Re: [PATCH] mm: add config option to select the initial overcommit mode

From: Mason
Date: Fri May 13 2016 - 04:44:55 EST


On 13/05/2016 10:04, Michal Hocko wrote:

> On Tue 10-05-16 13:56:30, Sebastian Frias wrote:
> [...]
>> NOTE: I understand that the overcommit mode can be changed dynamically thru
>> sysctl, but on embedded systems, where we know in advance that overcommit
>> will be disabled, there's no reason to postpone such setting.
>
> To be honest I am not particularly happy about yet another config
> option. At least not without a strong reason (the one above doesn't
> sound that way). The config space is really large already.
> So why a later initialization matters at all? Early userspace shouldn't
> consume too much address space to blow up later, no?

One thing I'm not quite clear on is: why was the default set
to over-commit on?

I suppose the biggest use-case is when a "large" process forks
only to exec microseconds later into a "small" process, it would
be silly to refuse that fork. But isn't that what the COW
optimization addresses, without the need for over-commit?

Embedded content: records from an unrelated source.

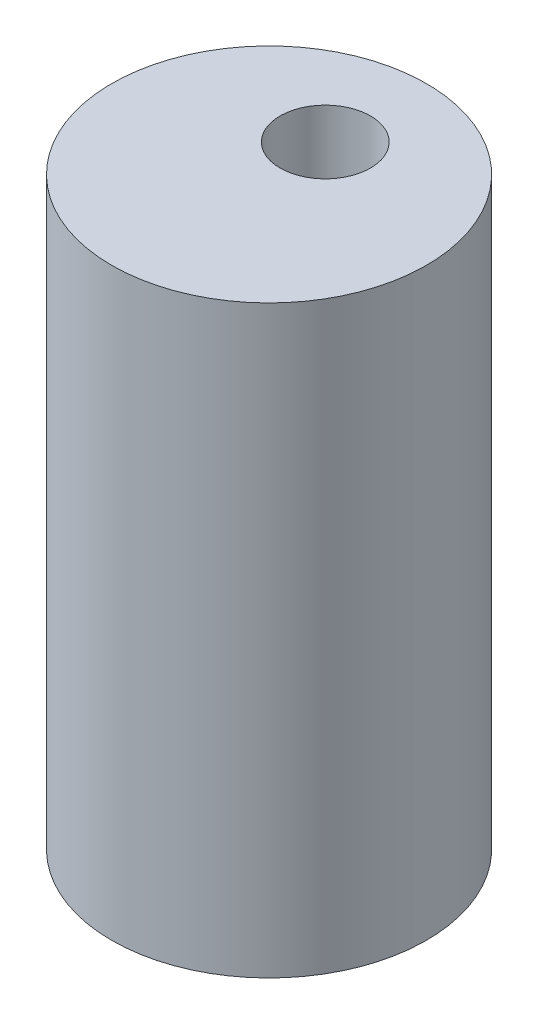
ISO-10303-21;
HEADER;
FILE_DESCRIPTION(('STEP AP214'),'2;1');
FILE_NAME('part.step','',(''),(''),'','','');
FILE_SCHEMA(('AUTOMOTIVE_DESIGN { 1 0 10303 214 1 1 1 1 }'));
ENDSEC;
DATA;
#1=APPLICATION_CONTEXT('core data for automotive mechanical design processes');
#2=APPLICATION_PROTOCOL_DEFINITION('international standard','automotive_design',2000,#1);
#3=PRODUCT_CONTEXT('',#1,'mechanical');
#4=PRODUCT('Part','Part','',(#3));
#5=PRODUCT_RELATED_PRODUCT_CATEGORY('part','',(#4));
#6=PRODUCT_DEFINITION_FORMATION('','',#4);
#7=PRODUCT_DEFINITION_CONTEXT('part definition',#1,'design');
#8=PRODUCT_DEFINITION('design','',#6,#7);
#9=PRODUCT_DEFINITION_SHAPE('','',#8);
#10=(LENGTH_UNIT() NAMED_UNIT(*) SI_UNIT(.MILLI.,.METRE.));
#11=(NAMED_UNIT(*) PLANE_ANGLE_UNIT() SI_UNIT($,.RADIAN.));
#12=(NAMED_UNIT(*) SI_UNIT($,.STERADIAN.) SOLID_ANGLE_UNIT());
#13=UNCERTAINTY_MEASURE_WITH_UNIT(LENGTH_MEASURE(1.E-05),#10,'distance_accuracy_value','');
#14=(GEOMETRIC_REPRESENTATION_CONTEXT(3) GLOBAL_UNCERTAINTY_ASSIGNED_CONTEXT((#13)) GLOBAL_UNIT_ASSIGNED_CONTEXT((#10,
#11,#12)) REPRESENTATION_CONTEXT('',''));
#15=CARTESIAN_POINT('',(0.,0.,0.));
#16=DIRECTION('',(0.,0.,1.));
#17=DIRECTION('',(1.,0.,0.));
#18=AXIS2_PLACEMENT_3D('',#15,#16,#17);
#19=CARTESIAN_POINT('',(0.,33.02,0.));
#20=DIRECTION('',(0.,-1.,0.));
#21=DIRECTION('',(0.,0.,-1.));
#22=AXIS2_PLACEMENT_3D('',#19,#20,#21);
#23=CYLINDRICAL_SURFACE('',#22,8.89);
#24=CARTESIAN_POINT('',(0.,11.65,-8.89));
#25=CARTESIAN_POINT('',(-0.0918360669877457,11.64999647283,-8.88999834303565));
#26=CARTESIAN_POINT('',(-0.183718222082188,11.6423069435029,-8.8885622582549));
#27=CARTESIAN_POINT('',(-0.364894510607066,11.6117711269655,-8.88297183715094));
#28=CARTESIAN_POINT('',(-0.454186373493418,11.5889119381136,-8.87881518705586));
#29=CARTESIAN_POINT('',(-0.627535571597222,11.5287598925168,-8.86824872883214));
#30=CARTESIAN_POINT('',(-0.711597513886059,11.4914799542296,-8.86184093780053));
#31=CARTESIAN_POINT('',(-0.872265407970495,11.4035810545302,-8.84747238156531));
#32=CARTESIAN_POINT('',(-0.948871986170377,11.3529632151039,-8.83951174700171));
#33=CARTESIAN_POINT('',(-1.0933623552347,11.2391941507481,-8.82281198574771));
#34=CARTESIAN_POINT('',(-1.16114591313639,11.1759166863103,-8.81406555084944));
#35=CARTESIAN_POINT('',(-1.28519912345379,11.0388961640361,-8.79683436847875));
#36=CARTESIAN_POINT('',(-1.3414679588416,10.9651523641884,-8.78834963961194));
#37=CARTESIAN_POINT('',(-1.44130991049973,10.8085860103999,-8.77253153492492));
#38=CARTESIAN_POINT('',(-1.48478133569139,10.7256975723758,-8.76520758410381));
#39=CARTESIAN_POINT('',(-1.55714355432885,10.5536354428308,-8.75264311096605));
#40=CARTESIAN_POINT('',(-1.58603557870358,10.4644622826496,-8.74740241276973));
#41=CARTESIAN_POINT('',(-1.62809772962431,10.2834335676463,-8.73967129984026));
#42=CARTESIAN_POINT('',(-1.64144249503182,10.1916199196691,-8.73715035895968));
#43=CARTESIAN_POINT('',(-1.65257333145617,10.0070248263135,-8.73505212846404));
#44=CARTESIAN_POINT('',(-1.65036076928692,9.91424346667,-8.73547458025248));
#45=CARTESIAN_POINT('',(-1.63058142770806,9.73161012096328,-8.73918760321734));
#46=CARTESIAN_POINT('',(-1.6132130014774,9.64173578866355,-8.74244112112337));
#47=CARTESIAN_POINT('',(-1.56392722949666,9.46619921773037,-8.7513915054644));
#48=CARTESIAN_POINT('',(-1.53200927681838,9.38053715497537,-8.75708847382646));
#49=CARTESIAN_POINT('',(-1.45433582547568,9.21527509931693,-8.77032271235711));
#50=CARTESIAN_POINT('',(-1.40850001750583,9.13571373834792,-8.77787061286426));
#51=CARTESIAN_POINT('',(-1.30434878394506,8.98533671980322,-8.79394919567166));
#52=CARTESIAN_POINT('',(-1.24603211650342,8.91452193362199,-8.80247997572982));
#53=CARTESIAN_POINT('',(-1.11750404515385,8.78250199761913,-8.81972469620462));
#54=CARTESIAN_POINT('',(-1.04712293208009,8.72146205183848,-8.82843943127757));
#55=CARTESIAN_POINT('',(-0.897032291024137,8.61203078175849,-8.84494905172169));
#56=CARTESIAN_POINT('',(-0.817322673063593,8.56363957947751,-8.85274392821888));
#57=CARTESIAN_POINT('',(-0.650666986376907,8.48085600174954,-8.86655081929005));
#58=CARTESIAN_POINT('',(-0.56371231582386,8.44648056043338,-8.8725606747996));
#59=CARTESIAN_POINT('',(-0.385126539176933,8.39287000825036,-8.88210363716019));
#60=CARTESIAN_POINT('',(-0.293495920751786,8.37363332193942,-8.88563700172789));
#61=CARTESIAN_POINT('',(-0.109580861960284,8.35107571155816,-8.88979353931392));
#62=CARTESIAN_POINT('',(-0.0173250945351158,8.34752839139869,-8.89045810543594));
#63=CARTESIAN_POINT('',(0.166461448475768,8.35584327832163,-8.88891641528337));
#64=CARTESIAN_POINT('',(0.257992258721995,8.36770474417421,-8.88671029710123));
#65=CARTESIAN_POINT('',(0.437014365909573,8.40631226420596,-8.87970088152735));
#66=CARTESIAN_POINT('',(0.524531166189811,8.43294399861579,-8.87491753949292));
#67=CARTESIAN_POINT('',(0.693857609465163,8.50021254408845,-8.86328780360091));
#68=CARTESIAN_POINT('',(0.775666870646203,8.54085029102559,-8.85644127188593));
#69=CARTESIAN_POINT('',(0.932223824168602,8.63548005198676,-8.84134136442335));
#70=CARTESIAN_POINT('',(1.00688631320318,8.68961069799965,-8.83307367953765));
#71=CARTESIAN_POINT('',(1.14614914716783,8.80950179820262,-8.81608602597825));
#72=CARTESIAN_POINT('',(1.21074857174194,8.87526331496524,-8.80736601603255));
#73=CARTESIAN_POINT('',(1.32890979773657,9.01757348294662,-8.79031951917097));
#74=CARTESIAN_POINT('',(1.3823172399646,9.0942512195168,-8.78199961943365));
#75=CARTESIAN_POINT('',(1.47549388738453,9.25562285786981,-8.76682699569519));
#76=CARTESIAN_POINT('',(1.51526359305373,9.34031646534084,-8.75997421785711));
#77=CARTESIAN_POINT('',(1.57981584904159,9.51492004044567,-8.74856321964528));
#78=CARTESIAN_POINT('',(1.60466972751142,9.6048028918009,-8.74399409657341));
#79=CARTESIAN_POINT('',(1.63890525586816,9.78756125700617,-8.73764259313261));
#80=CARTESIAN_POINT('',(1.64828861222198,9.88043643963648,-8.73585990540867));
#81=CARTESIAN_POINT('',(1.65126053733843,10.0649973892954,-8.73529848352062));
#82=CARTESIAN_POINT('',(1.64509253818836,10.1566791841931,-8.73647345142823));
#83=CARTESIAN_POINT('',(1.61766916571017,10.3376750041969,-8.74159240503477));
#84=CARTESIAN_POINT('',(1.59641387823341,10.4269890427733,-8.74553637497721));
#85=CARTESIAN_POINT('',(1.53952111511761,10.6005866185351,-8.75572962910272));
#86=CARTESIAN_POINT('',(1.50390948588735,10.6848788852853,-8.76197476865189));
#87=CARTESIAN_POINT('',(1.41934137828825,10.8463312196047,-8.77606971738909));
#88=CARTESIAN_POINT('',(1.37038398344548,10.9234907968738,-8.7839196367705));
#89=CARTESIAN_POINT('',(1.25966559219495,11.069707891699,-8.80048366955364));
#90=CARTESIAN_POINT('',(1.19772724245607,11.1386298913792,-8.80920877468623));
#91=CARTESIAN_POINT('',(1.0631754137633,11.2651835746176,-8.82645733620379));
#92=CARTESIAN_POINT('',(0.990559485307116,11.3228126604167,-8.83498074579631));
#93=CARTESIAN_POINT('',(0.835949120441948,11.4256172552533,-8.85095340184502));
#94=CARTESIAN_POINT('',(0.753877816618033,11.4706787766476,-8.85839254166897));
#95=CARTESIAN_POINT('',(0.583218459592901,11.5463020937754,-8.87125984086522));
#96=CARTESIAN_POINT('',(0.494636654963317,11.5768775881314,-8.87668989904423));
#97=CARTESIAN_POINT('',(0.3381550553749,11.6164114603862,-8.88381264039154));
#98=CARTESIAN_POINT('',(0.271173332415485,11.6289857679477,-8.88611986461802));
#99=CARTESIAN_POINT('',(0.136136164896605,11.6457812426063,-8.88921413993815));
#100=CARTESIAN_POINT('',(0.0680807467410451,11.6500026147937,-8.89000122835585));
#101=CARTESIAN_POINT('',(0.,11.65,-8.89));
#102=B_SPLINE_CURVE_WITH_KNOTS('',3,(#24,#25,#26,#27,#28,#29,#30,#31,#32,#33,#34,#35,#36,#37,
#38,#39,#40,#41,#42,#43,#44,#45,#46,#47,#48,#49,#50,#51,#52,#53,#54,#55,#56,#57,#58,#59,#60,#61,
#62,#63,#64,#65,#66,#67,#68,#69,#70,#71,#72,#73,#74,#75,#76,#77,#78,#79,#80,#81,#82,#83,#84,#85,
#86,#87,#88,#89,#90,#91,#92,#93,#94,#95,#96,#97,#98,#99,#100,#101),.UNSPECIFIED.,.T.,.F.,(4,2,2,
2,2,2,2,2,2,2,2,2,2,2,2,2,2,2,2,2,2,2,2,2,2,2,2,2,2,2,2,2,2,2,2,2,2,2,4),(0.,0.275259237063431,
0.550752879860564,0.826000298170887,1.10122457002126,1.37934396577062,1.65748308866312,
1.93777614170873,2.21804552584067,2.49513539156108,2.77220091341212,3.0456938076683,
3.31919811162536,3.59431159769617,3.86945247041094,4.14884033945583,4.42823090356605,
4.7079580398671,4.98765606196682,5.26330461732182,5.53893991326959,5.81247101741687,
6.08602040231177,6.36250539824232,6.6390156663354,6.91911954137987,7.1992131360795,
7.47795641098328,7.75666893721517,8.03104582861506,8.30542115873757,8.57930470823611,
8.85320707047261,9.13112903972105,9.40911486573917,9.68954559173565,9.96971059820533,
10.1737732846845,10.3778309607297),.UNSPECIFIED.);
#103=CARTESIAN_POINT('',(0.,11.65,-8.89));
#104=VERTEX_POINT('',#103);
#105=EDGE_CURVE('E79',#104,#104,#102,.T.);
#106=ORIENTED_EDGE('',*,*,#105,.T.);
#107=EDGE_LOOP('',(#106));
#108=FACE_BOUND('',#107,.T.);
#109=CARTESIAN_POINT('',(0.,33.02,0.));
#110=DIRECTION('',(0.,1.,0.));
#111=DIRECTION('',(0.,0.,1.));
#112=AXIS2_PLACEMENT_3D('',#109,#110,#111);
#113=CIRCLE('',#112,8.89);
#114=CARTESIAN_POINT('',(0.,33.02,8.89));
#115=VERTEX_POINT('',#114);
#116=EDGE_CURVE('E11',#115,#115,#113,.T.);
#117=ORIENTED_EDGE('',*,*,#116,.F.);
#118=EDGE_LOOP('',(#117));
#119=FACE_BOUND('',#118,.T.);
#120=CARTESIAN_POINT('',(0.,0.,0.));
#121=DIRECTION('',(0.,1.,0.));
#122=DIRECTION('',(0.,0.,1.));
#123=AXIS2_PLACEMENT_3D('',#120,#121,#122);
#124=CIRCLE('',#123,8.89);
#125=CARTESIAN_POINT('',(0.,0.,8.89));
#126=VERTEX_POINT('',#125);
#127=EDGE_CURVE('E48',#126,#126,#124,.T.);
#128=ORIENTED_EDGE('',*,*,#127,.T.);
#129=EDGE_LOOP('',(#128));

Another issue with overcommit=on is that some programmers seem
to take for granted that "allocations will never fail" and so
neglect to handle malloc == NULL conditions gracefully.

I tried to run LTP with overcommit off, and I vaguely recall that
I had more failures than with overcommit on. (Perhaps only those
tests that tickle the dreaded OOM assassin.)

Regards.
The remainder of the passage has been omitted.